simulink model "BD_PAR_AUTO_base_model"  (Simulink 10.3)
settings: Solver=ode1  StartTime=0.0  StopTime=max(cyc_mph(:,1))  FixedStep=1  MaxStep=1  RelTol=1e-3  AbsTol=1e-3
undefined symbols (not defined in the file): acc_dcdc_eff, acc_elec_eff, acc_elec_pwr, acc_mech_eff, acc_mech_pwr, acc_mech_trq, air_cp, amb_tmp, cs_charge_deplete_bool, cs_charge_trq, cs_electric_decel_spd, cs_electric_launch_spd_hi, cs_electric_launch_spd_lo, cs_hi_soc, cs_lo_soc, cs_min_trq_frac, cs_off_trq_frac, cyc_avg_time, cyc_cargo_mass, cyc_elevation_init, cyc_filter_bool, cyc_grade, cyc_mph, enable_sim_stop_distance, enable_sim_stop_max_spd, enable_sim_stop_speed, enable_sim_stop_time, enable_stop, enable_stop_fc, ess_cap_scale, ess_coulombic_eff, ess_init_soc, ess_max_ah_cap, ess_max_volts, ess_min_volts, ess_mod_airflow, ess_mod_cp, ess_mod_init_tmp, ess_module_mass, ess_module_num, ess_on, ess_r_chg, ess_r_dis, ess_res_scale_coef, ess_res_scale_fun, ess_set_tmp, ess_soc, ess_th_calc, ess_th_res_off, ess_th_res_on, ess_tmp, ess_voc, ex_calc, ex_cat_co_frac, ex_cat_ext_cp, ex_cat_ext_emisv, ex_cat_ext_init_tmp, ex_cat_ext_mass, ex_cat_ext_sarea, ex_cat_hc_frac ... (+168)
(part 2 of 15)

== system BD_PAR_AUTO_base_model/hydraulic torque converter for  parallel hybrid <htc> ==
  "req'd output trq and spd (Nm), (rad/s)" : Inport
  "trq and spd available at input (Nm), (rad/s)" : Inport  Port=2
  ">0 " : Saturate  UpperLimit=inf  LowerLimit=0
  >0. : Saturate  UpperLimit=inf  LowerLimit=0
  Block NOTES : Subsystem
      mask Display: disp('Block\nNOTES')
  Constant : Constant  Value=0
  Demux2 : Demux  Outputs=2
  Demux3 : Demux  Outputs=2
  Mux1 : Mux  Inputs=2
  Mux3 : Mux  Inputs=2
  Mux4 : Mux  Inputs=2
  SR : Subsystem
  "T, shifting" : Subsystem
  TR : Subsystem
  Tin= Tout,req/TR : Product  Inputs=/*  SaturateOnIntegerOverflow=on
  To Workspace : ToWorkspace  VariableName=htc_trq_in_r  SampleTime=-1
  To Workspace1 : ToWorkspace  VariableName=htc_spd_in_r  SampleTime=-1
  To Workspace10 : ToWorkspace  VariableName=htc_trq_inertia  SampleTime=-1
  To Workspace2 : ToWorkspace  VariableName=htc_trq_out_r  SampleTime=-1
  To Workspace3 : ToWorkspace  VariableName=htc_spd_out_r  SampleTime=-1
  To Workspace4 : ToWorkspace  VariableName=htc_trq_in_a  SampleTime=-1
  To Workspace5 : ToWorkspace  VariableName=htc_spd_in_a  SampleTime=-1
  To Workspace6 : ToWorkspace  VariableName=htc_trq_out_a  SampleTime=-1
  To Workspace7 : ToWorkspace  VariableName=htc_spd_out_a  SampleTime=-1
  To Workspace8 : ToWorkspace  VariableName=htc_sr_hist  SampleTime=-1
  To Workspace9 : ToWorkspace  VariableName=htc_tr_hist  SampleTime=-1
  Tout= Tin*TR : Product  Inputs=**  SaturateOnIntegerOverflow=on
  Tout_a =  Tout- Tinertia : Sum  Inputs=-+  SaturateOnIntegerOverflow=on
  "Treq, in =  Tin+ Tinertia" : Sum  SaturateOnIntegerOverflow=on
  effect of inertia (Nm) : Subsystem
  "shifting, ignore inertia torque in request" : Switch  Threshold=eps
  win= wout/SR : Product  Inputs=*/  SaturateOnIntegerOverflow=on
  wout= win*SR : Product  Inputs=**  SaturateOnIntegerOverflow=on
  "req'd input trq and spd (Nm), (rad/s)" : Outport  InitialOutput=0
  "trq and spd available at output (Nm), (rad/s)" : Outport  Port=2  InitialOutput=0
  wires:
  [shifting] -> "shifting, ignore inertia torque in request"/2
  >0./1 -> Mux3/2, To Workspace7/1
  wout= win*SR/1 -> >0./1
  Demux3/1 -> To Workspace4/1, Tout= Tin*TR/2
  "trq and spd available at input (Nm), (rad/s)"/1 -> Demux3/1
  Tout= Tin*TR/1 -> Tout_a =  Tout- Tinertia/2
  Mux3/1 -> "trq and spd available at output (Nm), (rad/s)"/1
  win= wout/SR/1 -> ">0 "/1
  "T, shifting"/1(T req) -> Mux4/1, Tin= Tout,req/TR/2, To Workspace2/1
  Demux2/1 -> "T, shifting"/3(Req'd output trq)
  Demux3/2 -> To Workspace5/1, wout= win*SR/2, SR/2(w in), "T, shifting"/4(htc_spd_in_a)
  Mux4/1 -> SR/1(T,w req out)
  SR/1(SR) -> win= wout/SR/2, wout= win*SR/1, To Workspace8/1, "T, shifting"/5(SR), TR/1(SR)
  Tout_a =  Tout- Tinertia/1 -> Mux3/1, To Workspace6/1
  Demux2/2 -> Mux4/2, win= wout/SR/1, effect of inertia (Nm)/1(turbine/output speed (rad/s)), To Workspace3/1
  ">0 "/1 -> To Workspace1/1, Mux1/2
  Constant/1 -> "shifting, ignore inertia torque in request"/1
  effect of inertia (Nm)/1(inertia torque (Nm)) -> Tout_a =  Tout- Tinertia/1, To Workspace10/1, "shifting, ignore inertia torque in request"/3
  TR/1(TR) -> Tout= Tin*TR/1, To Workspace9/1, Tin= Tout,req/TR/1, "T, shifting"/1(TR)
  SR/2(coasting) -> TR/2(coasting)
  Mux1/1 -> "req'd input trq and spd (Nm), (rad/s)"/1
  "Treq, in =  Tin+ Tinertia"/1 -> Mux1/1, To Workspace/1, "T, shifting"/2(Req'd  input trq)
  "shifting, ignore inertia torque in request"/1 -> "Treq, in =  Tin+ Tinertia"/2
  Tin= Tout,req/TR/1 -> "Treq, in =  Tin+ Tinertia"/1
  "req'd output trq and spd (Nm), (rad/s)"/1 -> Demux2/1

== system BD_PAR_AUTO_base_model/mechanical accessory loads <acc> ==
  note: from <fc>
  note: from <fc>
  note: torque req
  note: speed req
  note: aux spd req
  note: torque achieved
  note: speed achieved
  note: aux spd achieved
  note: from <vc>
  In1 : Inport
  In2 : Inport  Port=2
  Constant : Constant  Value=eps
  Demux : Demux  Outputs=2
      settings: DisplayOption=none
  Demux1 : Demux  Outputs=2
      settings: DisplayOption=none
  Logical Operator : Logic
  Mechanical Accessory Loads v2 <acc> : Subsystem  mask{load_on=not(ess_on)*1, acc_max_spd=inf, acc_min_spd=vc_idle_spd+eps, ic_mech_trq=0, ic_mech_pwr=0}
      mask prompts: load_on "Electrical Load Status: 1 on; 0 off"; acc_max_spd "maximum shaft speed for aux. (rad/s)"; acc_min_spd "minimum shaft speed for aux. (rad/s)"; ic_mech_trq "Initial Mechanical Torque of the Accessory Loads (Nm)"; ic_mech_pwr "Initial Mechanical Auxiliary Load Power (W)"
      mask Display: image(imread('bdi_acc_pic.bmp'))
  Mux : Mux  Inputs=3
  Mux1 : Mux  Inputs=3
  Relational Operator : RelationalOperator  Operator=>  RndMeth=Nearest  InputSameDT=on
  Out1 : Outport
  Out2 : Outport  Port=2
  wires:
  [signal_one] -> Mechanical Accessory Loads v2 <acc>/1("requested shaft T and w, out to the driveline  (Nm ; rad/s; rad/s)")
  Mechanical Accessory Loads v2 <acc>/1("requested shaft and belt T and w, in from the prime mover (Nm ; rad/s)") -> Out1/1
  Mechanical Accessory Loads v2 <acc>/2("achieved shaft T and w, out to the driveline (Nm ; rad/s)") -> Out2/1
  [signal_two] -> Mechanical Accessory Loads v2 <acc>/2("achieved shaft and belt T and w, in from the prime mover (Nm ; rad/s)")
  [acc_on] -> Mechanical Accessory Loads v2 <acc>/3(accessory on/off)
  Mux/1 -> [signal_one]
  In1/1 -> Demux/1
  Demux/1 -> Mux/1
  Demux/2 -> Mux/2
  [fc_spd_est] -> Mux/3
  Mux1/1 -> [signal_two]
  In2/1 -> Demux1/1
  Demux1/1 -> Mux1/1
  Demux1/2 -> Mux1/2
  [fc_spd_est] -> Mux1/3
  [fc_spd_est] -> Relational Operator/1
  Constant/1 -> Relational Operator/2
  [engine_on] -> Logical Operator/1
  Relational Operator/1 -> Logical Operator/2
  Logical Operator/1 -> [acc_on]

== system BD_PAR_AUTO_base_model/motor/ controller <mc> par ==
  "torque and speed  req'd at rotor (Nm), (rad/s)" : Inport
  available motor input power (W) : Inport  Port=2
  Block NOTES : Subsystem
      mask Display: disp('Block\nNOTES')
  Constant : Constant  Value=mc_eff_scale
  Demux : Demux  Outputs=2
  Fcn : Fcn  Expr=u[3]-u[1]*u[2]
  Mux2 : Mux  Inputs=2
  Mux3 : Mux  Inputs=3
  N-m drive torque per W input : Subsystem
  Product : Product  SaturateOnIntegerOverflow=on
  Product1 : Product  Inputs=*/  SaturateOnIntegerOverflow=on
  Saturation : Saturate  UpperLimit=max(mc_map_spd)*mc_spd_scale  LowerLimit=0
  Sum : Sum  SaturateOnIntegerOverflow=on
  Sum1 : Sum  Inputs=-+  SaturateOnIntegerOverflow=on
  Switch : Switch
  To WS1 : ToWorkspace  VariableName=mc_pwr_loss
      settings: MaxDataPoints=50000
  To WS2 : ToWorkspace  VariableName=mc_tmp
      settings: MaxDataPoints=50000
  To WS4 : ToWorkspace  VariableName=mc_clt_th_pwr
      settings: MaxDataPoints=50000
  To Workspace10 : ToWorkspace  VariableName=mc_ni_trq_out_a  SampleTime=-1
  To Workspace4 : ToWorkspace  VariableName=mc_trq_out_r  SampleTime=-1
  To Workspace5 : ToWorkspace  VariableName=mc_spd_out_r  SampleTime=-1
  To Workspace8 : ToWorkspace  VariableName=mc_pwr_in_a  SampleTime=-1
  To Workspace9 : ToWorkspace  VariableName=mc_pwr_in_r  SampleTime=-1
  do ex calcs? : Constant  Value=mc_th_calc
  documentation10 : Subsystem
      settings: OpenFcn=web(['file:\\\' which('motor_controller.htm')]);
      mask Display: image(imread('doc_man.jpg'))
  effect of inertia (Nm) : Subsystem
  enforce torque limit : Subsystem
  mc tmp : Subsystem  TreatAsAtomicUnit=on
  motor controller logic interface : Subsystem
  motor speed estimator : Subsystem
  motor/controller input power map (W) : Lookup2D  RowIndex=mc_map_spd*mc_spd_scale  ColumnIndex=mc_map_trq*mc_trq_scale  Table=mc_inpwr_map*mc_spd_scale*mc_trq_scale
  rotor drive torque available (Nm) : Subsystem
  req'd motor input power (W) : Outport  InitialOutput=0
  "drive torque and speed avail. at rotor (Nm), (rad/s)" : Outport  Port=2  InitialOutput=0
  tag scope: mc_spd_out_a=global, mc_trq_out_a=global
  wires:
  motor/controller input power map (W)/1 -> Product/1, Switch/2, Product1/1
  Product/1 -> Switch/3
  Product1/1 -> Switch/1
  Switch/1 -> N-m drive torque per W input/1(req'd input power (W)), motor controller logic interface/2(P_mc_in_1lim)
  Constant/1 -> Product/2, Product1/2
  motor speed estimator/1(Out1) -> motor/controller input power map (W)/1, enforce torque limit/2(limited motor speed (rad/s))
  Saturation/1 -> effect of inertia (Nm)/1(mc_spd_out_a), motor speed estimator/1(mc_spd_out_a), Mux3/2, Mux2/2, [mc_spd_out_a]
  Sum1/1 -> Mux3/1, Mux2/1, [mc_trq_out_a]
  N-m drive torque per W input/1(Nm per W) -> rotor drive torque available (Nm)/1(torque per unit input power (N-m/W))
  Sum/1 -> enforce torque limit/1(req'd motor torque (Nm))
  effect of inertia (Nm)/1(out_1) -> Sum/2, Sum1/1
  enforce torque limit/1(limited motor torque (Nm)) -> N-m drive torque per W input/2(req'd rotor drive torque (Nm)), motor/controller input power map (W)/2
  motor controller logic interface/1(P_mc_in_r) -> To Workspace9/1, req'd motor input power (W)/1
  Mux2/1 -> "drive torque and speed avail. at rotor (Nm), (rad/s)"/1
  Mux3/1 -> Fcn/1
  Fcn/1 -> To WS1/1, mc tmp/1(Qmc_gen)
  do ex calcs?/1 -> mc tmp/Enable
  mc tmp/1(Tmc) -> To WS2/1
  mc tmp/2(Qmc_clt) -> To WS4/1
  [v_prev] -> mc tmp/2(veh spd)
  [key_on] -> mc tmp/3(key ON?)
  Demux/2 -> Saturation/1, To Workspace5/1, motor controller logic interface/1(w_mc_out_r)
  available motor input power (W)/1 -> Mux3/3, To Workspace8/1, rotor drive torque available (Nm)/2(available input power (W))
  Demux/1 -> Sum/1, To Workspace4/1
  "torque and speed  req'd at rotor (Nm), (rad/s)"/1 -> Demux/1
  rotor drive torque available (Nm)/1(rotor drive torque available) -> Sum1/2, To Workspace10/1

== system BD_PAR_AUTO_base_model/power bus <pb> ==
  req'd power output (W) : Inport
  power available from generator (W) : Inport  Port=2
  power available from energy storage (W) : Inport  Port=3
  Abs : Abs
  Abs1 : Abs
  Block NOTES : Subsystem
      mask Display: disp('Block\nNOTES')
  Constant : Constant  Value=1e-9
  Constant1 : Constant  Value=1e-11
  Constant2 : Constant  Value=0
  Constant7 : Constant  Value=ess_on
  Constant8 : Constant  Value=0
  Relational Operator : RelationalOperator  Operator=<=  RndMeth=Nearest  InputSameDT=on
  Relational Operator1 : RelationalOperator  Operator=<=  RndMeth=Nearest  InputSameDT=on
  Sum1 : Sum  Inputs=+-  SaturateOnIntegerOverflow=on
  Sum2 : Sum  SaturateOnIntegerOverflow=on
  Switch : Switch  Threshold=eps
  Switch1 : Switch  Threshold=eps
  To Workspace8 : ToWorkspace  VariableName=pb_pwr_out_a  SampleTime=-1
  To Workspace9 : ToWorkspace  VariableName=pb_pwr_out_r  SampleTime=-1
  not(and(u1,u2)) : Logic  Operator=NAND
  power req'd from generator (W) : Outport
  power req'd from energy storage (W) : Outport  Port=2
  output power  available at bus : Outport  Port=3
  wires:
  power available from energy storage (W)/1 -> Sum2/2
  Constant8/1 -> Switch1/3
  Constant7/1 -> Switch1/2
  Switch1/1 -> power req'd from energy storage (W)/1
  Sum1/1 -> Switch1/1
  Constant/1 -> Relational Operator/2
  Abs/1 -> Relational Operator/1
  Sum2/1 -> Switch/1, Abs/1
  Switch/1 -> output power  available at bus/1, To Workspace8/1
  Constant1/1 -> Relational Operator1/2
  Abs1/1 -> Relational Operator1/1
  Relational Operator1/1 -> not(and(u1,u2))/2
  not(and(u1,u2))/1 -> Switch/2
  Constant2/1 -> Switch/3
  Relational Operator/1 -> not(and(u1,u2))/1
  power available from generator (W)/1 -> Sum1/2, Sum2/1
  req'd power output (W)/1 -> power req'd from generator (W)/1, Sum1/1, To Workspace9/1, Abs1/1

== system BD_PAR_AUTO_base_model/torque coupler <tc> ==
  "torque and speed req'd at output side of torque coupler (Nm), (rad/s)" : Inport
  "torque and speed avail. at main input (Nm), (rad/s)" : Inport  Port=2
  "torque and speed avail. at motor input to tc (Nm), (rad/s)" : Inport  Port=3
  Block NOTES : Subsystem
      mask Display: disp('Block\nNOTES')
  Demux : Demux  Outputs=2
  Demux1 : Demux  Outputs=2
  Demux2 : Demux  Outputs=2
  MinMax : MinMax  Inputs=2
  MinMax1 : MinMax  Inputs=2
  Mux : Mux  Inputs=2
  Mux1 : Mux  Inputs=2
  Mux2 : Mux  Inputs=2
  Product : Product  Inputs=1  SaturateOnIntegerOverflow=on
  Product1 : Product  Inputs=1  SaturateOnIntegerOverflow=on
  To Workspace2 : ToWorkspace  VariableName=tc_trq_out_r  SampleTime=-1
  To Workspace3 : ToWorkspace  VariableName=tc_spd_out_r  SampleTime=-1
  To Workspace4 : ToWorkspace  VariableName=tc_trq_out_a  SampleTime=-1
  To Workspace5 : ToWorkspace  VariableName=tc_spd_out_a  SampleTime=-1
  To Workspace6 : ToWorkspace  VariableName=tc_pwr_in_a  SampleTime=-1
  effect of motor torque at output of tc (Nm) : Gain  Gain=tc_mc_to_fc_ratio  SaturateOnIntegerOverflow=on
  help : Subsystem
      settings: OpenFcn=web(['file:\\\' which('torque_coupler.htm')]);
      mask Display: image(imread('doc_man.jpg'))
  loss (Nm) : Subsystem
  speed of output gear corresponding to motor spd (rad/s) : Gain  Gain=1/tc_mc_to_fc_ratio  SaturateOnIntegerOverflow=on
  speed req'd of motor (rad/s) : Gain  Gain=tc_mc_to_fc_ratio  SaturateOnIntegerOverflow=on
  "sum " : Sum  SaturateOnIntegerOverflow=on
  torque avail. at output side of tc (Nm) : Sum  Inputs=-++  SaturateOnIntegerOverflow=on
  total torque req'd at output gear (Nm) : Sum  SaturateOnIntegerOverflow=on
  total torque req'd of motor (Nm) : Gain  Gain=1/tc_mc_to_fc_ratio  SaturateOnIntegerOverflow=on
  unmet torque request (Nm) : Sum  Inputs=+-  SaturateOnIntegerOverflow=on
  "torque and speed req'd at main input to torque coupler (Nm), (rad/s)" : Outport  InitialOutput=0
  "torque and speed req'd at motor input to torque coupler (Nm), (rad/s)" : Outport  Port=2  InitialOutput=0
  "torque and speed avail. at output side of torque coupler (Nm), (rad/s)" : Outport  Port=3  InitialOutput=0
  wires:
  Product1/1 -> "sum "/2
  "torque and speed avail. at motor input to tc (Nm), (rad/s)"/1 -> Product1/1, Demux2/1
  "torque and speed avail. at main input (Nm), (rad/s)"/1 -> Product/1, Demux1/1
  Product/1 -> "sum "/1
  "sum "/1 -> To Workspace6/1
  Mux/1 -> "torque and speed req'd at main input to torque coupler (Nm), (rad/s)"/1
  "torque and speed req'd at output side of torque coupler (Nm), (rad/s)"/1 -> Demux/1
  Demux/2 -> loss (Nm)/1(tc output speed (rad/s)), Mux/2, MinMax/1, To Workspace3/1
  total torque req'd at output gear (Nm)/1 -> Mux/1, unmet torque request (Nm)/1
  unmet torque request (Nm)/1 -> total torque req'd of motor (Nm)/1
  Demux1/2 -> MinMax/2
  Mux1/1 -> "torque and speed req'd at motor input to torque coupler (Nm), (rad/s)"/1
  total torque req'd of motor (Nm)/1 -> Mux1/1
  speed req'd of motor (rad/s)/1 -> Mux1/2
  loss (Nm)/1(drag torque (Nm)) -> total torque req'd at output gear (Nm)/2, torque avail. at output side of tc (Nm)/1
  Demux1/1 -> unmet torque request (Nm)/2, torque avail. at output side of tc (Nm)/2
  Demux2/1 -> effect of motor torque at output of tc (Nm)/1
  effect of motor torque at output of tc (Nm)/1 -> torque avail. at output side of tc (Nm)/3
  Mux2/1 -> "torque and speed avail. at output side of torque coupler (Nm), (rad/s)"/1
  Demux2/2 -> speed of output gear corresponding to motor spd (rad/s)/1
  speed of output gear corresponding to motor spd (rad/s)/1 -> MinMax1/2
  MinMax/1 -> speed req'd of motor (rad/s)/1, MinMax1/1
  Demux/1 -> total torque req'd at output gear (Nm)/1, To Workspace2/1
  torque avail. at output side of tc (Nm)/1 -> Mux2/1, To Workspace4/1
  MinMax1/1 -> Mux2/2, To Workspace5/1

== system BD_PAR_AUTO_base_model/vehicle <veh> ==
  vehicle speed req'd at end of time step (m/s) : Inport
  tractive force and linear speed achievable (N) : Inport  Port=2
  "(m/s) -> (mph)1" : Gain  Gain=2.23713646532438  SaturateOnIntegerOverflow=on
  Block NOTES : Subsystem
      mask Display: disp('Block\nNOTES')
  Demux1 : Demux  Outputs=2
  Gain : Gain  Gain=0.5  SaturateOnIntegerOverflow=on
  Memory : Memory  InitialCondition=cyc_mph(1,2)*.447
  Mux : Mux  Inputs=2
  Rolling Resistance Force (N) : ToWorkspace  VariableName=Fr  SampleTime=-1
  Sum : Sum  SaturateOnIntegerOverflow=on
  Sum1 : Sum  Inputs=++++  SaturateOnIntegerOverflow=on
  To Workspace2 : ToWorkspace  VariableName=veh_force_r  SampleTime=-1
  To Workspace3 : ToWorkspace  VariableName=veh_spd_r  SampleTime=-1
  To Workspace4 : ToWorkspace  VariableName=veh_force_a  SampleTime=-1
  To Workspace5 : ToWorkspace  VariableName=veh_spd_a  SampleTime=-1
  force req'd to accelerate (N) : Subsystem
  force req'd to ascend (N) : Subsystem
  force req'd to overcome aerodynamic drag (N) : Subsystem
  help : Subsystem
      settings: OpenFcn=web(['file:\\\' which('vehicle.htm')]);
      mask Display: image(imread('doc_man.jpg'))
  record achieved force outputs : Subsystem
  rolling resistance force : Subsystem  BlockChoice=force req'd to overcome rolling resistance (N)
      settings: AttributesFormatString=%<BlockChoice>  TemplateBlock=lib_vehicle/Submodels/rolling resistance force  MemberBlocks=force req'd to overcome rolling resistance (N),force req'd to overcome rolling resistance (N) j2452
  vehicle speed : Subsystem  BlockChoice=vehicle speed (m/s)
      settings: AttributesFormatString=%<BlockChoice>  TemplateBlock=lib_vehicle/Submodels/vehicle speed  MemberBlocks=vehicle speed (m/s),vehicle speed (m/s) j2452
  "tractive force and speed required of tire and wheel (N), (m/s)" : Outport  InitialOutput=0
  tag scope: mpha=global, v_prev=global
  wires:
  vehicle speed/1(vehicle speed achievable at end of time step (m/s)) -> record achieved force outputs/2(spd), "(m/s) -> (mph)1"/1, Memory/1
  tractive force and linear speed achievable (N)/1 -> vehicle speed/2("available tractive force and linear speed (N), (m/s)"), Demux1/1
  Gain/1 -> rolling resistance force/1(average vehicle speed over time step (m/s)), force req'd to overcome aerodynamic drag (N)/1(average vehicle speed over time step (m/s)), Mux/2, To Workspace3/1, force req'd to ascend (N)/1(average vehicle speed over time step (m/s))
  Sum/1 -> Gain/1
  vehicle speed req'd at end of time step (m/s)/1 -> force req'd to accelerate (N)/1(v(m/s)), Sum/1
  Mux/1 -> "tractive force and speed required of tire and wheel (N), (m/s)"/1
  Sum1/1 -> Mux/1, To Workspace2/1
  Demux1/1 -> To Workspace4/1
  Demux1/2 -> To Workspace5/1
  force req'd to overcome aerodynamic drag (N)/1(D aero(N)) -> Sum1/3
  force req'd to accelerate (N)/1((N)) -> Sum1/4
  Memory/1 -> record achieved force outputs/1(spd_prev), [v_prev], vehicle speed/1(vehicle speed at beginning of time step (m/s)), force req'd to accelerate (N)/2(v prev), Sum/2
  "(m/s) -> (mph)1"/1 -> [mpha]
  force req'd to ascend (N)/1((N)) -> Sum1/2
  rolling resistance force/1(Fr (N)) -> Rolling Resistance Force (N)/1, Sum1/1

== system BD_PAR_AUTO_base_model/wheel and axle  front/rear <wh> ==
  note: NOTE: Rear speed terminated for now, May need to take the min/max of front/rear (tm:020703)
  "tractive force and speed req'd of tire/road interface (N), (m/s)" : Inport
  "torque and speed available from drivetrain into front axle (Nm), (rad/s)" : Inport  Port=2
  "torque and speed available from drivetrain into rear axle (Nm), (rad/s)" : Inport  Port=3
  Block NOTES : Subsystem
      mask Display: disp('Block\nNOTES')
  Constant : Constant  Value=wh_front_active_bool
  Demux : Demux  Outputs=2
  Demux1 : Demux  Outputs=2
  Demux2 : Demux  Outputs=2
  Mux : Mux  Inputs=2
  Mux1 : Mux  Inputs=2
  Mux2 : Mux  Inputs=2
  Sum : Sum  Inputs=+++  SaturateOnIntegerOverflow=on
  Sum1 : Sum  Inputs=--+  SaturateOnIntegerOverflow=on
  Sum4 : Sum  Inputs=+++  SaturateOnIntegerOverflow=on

- - - -

▶ **Action item**:
Search the data for "Threshold". Copy each line that has it.

▶ **Written response**:
  "shifting, ignore inertia torque in request" : Switch  Threshold=eps
  Switch : Switch  Threshold=eps
  Switch1 : Switch  Threshold=eps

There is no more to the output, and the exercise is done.